• **EXERCISE AIM**: Reproduce only the lines of the material below that start at the line containing "#291=LINE('',#290,#289);" and stop at the line containing "#303=FACE_BOUND('',#302,.T.);". Keep both end lines.

• **PROVIDED MATERIAL**:

★ ★ ★ ★ ★

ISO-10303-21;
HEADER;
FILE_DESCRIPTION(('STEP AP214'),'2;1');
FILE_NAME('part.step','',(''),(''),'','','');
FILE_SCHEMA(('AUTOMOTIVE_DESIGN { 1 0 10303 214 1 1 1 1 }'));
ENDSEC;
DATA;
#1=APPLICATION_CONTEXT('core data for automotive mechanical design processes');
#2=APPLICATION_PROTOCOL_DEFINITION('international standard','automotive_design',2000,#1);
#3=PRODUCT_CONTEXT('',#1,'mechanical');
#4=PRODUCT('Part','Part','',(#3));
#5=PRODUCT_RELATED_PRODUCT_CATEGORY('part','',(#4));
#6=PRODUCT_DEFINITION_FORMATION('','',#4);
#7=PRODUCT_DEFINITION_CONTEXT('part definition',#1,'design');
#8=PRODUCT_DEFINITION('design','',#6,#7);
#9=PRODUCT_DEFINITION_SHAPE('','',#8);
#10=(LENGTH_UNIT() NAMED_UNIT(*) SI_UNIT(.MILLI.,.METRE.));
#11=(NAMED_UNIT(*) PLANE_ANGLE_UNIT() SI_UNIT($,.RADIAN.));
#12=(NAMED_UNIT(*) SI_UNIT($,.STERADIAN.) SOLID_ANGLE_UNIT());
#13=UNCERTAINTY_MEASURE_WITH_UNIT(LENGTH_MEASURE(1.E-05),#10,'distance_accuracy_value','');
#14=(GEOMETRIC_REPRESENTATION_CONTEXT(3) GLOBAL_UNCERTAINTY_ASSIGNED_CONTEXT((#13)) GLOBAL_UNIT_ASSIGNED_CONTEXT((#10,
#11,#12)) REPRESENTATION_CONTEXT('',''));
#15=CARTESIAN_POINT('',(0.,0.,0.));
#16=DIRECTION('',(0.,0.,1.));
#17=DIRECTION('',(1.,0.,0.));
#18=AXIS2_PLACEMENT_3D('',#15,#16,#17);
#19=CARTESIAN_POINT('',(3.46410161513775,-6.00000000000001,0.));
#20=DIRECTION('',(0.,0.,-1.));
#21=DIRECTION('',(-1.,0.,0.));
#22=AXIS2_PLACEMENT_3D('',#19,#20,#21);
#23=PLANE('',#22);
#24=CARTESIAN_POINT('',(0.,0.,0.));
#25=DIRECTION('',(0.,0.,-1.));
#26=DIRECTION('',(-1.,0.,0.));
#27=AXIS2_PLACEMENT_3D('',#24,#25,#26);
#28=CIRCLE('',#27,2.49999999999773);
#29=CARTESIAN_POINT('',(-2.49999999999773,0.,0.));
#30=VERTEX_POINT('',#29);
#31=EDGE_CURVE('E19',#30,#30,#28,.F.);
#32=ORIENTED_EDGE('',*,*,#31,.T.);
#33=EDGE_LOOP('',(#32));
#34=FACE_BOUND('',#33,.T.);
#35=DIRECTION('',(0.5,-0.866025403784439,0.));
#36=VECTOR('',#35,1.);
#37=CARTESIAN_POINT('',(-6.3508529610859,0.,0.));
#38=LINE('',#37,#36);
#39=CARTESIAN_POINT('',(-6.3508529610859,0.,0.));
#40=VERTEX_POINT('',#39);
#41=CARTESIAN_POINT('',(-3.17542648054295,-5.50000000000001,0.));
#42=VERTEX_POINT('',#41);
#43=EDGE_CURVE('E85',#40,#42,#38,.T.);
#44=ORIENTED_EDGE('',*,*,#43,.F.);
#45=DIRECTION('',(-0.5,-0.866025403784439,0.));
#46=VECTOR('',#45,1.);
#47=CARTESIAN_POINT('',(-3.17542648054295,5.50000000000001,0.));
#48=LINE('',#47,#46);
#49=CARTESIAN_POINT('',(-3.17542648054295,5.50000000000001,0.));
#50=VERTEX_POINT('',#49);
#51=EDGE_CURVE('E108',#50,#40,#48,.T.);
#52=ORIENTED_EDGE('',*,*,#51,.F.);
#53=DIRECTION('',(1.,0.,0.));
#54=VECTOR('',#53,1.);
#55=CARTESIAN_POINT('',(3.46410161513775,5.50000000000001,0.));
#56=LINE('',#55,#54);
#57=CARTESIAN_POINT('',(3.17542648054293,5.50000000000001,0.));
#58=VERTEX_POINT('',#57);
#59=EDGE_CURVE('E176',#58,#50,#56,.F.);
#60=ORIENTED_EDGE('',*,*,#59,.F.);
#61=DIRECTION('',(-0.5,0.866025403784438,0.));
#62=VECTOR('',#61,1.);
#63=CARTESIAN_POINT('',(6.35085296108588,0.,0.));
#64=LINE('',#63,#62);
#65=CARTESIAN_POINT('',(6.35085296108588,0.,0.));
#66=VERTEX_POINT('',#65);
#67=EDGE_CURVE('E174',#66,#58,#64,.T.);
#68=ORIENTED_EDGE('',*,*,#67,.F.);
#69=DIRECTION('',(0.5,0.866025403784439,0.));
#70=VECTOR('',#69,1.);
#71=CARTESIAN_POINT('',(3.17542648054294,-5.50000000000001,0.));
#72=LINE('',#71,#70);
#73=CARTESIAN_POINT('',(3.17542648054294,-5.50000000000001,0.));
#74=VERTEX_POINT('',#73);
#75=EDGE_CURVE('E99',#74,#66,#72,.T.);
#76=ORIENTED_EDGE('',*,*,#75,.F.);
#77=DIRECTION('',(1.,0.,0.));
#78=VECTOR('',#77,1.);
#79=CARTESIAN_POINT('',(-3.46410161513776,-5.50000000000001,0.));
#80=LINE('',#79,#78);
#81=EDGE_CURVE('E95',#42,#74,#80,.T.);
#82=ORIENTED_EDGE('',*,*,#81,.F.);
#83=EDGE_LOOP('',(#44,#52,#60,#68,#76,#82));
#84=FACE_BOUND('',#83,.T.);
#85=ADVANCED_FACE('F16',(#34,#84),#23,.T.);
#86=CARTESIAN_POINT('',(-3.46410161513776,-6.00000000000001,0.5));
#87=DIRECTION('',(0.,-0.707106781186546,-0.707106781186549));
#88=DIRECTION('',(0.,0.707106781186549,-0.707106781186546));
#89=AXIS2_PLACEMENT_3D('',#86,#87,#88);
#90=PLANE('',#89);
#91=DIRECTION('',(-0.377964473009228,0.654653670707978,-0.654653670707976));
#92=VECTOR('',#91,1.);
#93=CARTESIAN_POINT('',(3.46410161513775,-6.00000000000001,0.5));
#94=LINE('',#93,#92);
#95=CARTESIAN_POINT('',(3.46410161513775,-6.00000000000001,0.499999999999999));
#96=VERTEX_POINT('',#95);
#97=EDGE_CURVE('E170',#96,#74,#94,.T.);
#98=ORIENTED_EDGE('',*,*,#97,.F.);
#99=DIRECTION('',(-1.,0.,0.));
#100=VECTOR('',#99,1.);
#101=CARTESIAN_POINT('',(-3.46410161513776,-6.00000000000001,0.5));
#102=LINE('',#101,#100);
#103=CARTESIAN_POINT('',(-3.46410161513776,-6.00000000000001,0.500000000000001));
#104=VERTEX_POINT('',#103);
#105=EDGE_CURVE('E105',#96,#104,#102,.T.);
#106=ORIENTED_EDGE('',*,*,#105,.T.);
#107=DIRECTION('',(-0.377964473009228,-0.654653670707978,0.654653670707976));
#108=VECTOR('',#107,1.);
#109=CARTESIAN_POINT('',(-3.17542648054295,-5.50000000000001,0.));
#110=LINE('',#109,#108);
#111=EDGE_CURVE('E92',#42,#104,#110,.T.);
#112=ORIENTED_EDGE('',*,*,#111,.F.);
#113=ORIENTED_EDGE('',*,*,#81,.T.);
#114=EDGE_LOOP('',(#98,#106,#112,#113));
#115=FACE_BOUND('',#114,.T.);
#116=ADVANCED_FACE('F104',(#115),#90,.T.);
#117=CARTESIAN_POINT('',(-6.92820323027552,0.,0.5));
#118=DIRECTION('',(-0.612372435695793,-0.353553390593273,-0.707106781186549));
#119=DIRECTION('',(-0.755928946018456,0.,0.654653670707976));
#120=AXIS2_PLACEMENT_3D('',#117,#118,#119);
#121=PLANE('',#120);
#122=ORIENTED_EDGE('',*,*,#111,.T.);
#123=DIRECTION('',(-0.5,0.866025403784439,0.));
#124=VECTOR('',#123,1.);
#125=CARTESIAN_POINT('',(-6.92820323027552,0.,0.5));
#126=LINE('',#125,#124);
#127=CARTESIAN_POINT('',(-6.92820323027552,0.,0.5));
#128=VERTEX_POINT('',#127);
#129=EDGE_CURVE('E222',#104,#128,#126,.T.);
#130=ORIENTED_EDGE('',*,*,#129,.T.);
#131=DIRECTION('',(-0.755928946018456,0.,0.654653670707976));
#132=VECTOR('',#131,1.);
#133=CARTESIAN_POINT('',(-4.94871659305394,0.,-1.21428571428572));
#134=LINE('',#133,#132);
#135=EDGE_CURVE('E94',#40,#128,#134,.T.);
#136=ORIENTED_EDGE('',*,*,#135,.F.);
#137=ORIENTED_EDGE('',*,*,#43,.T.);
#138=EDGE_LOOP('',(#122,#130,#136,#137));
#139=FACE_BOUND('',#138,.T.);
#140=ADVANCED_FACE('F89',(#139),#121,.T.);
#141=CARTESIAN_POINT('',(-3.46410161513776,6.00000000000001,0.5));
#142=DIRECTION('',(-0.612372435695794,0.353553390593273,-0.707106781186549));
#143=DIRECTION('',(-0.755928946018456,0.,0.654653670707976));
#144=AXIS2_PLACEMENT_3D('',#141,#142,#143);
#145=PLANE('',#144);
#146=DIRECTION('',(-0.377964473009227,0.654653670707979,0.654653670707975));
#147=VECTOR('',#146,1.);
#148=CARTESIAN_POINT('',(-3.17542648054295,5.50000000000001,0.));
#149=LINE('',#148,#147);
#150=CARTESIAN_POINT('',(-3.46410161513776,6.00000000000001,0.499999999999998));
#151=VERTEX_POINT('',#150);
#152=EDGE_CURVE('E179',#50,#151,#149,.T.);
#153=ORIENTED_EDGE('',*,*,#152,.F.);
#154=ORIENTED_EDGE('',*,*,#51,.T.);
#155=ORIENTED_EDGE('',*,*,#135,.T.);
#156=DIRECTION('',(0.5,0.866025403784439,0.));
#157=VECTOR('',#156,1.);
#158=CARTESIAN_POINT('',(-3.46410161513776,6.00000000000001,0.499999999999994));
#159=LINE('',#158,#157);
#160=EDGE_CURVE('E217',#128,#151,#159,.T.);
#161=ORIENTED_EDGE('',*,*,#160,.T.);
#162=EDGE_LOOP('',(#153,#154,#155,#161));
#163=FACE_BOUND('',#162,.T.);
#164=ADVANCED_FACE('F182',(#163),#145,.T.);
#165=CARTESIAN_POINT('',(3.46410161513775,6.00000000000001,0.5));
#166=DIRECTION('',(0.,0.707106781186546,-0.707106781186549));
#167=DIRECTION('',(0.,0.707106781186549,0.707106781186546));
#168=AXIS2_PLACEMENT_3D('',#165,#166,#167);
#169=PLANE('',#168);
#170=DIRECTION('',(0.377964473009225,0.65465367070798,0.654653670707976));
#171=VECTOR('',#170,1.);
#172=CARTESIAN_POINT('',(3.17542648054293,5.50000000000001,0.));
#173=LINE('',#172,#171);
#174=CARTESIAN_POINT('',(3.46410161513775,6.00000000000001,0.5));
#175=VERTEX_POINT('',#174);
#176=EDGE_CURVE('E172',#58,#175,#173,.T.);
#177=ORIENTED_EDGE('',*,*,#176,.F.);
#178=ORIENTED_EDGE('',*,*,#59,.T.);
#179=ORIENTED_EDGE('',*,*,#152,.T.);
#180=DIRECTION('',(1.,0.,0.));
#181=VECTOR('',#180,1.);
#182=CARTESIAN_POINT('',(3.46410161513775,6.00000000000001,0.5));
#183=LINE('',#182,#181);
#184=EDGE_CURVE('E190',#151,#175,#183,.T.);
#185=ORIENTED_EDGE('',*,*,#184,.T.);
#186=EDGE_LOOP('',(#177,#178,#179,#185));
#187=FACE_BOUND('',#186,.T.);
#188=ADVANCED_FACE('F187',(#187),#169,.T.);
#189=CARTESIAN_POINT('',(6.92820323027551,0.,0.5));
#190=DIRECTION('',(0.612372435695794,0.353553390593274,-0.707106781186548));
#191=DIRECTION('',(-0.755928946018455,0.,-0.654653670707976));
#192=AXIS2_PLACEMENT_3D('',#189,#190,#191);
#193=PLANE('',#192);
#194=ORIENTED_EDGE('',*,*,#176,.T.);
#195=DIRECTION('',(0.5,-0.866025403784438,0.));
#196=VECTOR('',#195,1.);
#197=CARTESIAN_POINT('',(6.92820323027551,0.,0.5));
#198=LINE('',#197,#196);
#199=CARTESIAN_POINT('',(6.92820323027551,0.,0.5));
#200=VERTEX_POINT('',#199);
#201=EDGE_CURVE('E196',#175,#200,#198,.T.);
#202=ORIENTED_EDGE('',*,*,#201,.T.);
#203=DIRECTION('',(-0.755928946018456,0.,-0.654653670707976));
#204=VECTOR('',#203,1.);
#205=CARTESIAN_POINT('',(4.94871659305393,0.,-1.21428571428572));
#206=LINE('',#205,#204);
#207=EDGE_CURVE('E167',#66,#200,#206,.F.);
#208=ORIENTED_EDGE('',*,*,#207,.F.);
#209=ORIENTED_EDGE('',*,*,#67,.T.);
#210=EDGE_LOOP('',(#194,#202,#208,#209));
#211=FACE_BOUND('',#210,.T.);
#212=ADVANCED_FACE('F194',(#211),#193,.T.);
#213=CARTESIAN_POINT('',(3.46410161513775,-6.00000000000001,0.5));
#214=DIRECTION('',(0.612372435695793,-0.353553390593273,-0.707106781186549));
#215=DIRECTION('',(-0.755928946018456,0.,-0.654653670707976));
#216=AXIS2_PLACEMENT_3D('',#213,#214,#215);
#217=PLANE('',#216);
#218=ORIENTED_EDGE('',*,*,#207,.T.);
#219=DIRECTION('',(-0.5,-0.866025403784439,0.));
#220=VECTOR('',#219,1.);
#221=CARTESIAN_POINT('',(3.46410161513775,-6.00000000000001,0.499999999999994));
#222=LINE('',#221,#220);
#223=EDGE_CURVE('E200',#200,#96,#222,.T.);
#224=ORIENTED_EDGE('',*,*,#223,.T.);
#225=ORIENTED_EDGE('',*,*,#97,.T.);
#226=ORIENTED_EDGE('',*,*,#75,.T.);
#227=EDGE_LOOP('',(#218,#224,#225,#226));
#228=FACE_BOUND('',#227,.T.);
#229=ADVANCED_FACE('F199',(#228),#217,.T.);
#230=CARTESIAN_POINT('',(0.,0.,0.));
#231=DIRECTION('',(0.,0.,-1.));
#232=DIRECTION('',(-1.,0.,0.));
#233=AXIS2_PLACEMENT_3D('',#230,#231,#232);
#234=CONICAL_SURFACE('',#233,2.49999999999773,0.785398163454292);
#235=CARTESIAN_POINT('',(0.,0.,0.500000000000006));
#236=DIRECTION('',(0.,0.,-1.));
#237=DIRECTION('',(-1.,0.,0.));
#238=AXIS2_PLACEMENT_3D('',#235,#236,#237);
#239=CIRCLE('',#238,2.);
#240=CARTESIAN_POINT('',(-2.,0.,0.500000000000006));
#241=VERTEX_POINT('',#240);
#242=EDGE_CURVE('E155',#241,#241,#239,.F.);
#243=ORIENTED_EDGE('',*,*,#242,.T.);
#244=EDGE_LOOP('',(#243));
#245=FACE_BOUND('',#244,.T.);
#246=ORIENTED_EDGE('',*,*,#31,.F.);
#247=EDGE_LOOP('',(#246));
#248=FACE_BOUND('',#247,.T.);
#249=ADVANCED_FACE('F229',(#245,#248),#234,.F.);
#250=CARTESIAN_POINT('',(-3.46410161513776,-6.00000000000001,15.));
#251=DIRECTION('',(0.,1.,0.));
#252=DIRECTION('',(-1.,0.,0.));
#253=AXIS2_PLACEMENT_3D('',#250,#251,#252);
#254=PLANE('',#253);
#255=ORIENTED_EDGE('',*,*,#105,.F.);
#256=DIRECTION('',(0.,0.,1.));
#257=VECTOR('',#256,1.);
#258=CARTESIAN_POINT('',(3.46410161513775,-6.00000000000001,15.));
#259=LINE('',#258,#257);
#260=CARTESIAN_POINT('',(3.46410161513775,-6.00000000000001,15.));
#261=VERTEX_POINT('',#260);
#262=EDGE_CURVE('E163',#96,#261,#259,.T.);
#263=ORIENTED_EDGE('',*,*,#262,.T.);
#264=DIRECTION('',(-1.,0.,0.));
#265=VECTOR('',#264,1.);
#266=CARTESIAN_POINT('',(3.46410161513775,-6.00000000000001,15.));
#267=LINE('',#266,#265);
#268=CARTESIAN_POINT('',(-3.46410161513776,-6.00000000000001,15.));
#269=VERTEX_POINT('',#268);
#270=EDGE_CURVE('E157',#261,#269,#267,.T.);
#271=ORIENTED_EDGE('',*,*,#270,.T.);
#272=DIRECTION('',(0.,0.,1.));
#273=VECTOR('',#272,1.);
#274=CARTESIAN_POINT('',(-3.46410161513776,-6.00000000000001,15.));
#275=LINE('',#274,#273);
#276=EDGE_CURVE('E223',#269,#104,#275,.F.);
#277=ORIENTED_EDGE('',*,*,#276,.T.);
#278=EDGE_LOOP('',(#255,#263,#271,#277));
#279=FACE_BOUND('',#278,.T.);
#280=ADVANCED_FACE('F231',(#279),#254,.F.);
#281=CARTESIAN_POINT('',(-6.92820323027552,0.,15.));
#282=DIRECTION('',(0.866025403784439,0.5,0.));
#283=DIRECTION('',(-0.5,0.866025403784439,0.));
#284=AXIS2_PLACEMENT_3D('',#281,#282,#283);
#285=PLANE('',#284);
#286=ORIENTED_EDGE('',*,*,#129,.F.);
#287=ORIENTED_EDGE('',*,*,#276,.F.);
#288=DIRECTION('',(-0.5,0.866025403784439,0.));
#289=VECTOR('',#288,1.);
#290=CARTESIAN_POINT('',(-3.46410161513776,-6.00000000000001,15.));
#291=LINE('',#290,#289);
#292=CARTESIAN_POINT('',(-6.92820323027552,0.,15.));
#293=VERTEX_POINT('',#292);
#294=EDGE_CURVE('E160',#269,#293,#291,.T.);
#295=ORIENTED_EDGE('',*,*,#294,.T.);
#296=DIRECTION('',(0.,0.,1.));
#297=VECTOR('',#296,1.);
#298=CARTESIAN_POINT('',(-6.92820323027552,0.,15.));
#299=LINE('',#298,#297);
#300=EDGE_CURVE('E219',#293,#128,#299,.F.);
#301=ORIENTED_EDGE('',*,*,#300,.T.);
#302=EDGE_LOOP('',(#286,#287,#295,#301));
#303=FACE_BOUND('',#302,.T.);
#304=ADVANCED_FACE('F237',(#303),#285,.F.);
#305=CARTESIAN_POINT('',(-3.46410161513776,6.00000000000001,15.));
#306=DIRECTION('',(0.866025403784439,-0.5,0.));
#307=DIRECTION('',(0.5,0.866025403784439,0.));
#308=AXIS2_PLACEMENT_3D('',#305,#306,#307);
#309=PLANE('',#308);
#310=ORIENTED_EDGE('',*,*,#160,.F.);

★ ★ ★ ★ ★

• **RESULT OF THIS TASK**:
#291=LINE('',#290,#289);
#292=CARTESIAN_POINT('',(-6.92820323027552,0.,15.));
#293=VERTEX_POINT('',#292);
#294=EDGE_CURVE('E160',#269,#293,#291,.T.);
#295=ORIENTED_EDGE('',*,*,#294,.T.);
#296=DIRECTION('',(0.,0.,1.));
#297=VECTOR('',#296,1.);
#298=CARTESIAN_POINT('',(-6.92820323027552,0.,15.));
#299=LINE('',#298,#297);
#300=EDGE_CURVE('E219',#293,#128,#299,.F.);
#301=ORIENTED_EDGE('',*,*,#300,.T.);
#302=EDGE_LOOP('',(#286,#287,#295,#301));
#303=FACE_BOUND('',#302,.T.);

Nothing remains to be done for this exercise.